**What you should do:** Copy out each line of the data that holds the word "Mtot".

[Stored entries]
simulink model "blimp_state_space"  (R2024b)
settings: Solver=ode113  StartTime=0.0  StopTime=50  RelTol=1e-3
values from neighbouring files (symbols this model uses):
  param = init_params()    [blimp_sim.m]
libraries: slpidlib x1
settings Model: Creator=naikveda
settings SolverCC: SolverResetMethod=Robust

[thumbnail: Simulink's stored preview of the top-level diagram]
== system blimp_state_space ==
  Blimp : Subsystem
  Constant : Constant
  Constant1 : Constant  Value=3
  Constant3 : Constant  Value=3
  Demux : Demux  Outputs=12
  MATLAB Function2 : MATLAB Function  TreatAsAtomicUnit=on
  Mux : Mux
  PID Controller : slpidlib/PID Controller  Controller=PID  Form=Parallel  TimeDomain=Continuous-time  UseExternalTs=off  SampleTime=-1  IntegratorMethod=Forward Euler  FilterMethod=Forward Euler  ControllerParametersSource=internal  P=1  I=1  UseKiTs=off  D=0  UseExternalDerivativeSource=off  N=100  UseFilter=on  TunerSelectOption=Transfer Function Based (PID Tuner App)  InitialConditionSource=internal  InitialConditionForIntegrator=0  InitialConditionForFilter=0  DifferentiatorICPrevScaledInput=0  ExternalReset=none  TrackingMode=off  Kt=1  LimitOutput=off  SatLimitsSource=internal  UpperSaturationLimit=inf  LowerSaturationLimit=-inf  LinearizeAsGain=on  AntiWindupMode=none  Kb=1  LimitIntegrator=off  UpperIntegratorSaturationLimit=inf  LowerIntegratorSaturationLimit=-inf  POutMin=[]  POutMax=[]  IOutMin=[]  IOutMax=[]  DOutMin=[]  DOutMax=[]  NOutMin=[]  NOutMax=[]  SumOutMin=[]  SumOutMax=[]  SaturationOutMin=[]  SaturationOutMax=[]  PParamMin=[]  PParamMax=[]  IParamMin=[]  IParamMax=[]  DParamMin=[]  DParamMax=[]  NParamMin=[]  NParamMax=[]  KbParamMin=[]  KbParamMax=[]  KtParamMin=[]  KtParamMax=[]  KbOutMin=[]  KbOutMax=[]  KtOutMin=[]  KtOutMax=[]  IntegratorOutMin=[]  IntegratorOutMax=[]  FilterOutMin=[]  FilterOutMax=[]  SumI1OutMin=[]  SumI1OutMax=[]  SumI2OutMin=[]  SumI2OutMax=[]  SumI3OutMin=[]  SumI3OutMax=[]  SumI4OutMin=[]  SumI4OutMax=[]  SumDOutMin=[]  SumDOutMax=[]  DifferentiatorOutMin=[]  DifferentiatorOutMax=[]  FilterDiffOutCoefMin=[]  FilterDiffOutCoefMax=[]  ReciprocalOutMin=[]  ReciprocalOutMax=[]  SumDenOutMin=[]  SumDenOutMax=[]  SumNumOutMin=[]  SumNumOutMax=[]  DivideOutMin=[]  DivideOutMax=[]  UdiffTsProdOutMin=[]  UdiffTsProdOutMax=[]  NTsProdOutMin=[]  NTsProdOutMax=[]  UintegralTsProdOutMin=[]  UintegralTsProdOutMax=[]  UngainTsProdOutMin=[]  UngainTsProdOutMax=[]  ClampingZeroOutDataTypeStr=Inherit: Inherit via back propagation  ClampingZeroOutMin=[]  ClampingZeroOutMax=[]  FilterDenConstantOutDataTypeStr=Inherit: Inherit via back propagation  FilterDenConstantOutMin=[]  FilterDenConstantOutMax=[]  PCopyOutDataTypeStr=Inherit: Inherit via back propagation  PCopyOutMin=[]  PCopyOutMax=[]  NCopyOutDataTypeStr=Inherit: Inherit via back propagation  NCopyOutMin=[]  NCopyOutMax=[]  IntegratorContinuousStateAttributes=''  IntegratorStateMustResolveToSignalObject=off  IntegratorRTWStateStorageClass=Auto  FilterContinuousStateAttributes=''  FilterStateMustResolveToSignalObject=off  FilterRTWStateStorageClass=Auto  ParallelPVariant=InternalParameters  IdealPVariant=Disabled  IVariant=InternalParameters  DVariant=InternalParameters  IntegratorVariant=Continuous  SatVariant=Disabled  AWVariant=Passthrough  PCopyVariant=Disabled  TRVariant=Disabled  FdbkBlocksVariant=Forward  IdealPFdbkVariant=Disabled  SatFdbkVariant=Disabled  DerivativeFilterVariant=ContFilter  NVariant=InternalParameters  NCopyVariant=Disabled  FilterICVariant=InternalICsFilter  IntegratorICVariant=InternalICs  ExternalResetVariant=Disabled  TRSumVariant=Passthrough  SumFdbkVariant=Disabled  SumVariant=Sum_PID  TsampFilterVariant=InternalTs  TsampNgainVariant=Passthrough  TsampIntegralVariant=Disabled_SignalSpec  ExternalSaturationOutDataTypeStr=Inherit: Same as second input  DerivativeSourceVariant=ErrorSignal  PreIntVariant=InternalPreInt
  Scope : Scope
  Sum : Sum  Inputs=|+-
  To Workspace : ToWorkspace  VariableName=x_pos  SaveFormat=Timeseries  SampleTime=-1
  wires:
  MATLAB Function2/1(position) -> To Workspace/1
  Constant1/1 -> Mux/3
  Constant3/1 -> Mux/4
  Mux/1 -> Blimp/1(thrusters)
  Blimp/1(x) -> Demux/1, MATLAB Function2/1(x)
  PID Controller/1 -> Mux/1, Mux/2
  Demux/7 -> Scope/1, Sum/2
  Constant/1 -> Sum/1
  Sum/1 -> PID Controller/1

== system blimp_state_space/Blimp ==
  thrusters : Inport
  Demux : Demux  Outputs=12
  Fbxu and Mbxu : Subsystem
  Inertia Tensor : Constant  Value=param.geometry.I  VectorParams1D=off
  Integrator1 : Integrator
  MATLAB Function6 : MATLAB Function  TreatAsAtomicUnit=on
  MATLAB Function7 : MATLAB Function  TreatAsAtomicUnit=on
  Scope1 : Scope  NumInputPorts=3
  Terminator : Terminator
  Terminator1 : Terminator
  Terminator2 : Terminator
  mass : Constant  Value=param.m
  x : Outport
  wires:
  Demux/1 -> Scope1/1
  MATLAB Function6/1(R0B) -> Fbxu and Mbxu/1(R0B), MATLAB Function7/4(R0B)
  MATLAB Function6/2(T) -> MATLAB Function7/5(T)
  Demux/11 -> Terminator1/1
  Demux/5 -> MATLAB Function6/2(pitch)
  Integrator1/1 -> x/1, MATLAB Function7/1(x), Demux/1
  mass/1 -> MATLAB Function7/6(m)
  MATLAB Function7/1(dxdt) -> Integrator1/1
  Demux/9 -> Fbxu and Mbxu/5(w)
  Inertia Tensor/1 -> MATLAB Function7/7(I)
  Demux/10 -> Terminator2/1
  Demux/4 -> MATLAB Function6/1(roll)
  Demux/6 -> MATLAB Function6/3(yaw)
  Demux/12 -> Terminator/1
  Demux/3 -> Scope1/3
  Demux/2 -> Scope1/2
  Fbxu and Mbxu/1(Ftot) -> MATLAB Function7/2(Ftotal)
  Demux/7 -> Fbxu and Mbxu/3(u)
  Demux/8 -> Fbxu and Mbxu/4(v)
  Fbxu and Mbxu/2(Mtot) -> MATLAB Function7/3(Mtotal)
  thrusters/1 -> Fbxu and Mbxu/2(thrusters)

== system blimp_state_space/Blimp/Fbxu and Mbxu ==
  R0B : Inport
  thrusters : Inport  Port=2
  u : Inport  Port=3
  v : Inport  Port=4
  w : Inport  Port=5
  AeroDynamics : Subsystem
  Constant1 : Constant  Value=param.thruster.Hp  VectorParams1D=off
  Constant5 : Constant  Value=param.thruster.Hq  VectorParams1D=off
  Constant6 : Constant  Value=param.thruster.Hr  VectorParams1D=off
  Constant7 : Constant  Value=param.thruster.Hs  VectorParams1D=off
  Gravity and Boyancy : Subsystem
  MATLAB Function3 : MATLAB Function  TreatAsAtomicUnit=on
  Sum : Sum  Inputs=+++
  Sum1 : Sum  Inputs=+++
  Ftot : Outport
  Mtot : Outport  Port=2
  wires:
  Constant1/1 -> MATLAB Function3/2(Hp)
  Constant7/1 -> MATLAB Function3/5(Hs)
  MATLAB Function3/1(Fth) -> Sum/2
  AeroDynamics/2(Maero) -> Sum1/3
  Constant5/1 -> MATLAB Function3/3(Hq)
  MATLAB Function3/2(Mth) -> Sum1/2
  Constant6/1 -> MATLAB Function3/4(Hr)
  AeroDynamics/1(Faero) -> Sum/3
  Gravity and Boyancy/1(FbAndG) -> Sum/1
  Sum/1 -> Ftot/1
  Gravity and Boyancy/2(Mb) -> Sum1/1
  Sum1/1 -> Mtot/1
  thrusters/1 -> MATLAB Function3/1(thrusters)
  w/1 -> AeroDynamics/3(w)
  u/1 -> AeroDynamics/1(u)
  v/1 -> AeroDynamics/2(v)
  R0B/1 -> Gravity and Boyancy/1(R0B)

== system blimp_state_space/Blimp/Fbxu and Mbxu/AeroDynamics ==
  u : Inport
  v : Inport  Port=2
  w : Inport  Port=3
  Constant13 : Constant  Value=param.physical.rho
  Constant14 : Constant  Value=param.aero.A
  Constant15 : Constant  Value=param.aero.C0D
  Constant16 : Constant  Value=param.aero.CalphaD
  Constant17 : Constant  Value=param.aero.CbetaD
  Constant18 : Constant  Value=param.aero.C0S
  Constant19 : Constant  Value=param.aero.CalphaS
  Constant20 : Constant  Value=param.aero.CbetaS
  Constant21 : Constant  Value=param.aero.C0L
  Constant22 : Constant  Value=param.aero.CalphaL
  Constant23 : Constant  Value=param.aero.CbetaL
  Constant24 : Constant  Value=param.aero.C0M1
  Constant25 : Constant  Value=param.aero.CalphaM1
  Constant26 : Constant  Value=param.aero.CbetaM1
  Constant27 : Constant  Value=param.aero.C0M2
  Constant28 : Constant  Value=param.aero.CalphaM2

**Output for this exercise:**
  Fbxu and Mbxu/2(Mtot) -> MATLAB Function7/3(Mtotal)
  Mtot : Outport  Port=2
  Sum1/1 -> Mtot/1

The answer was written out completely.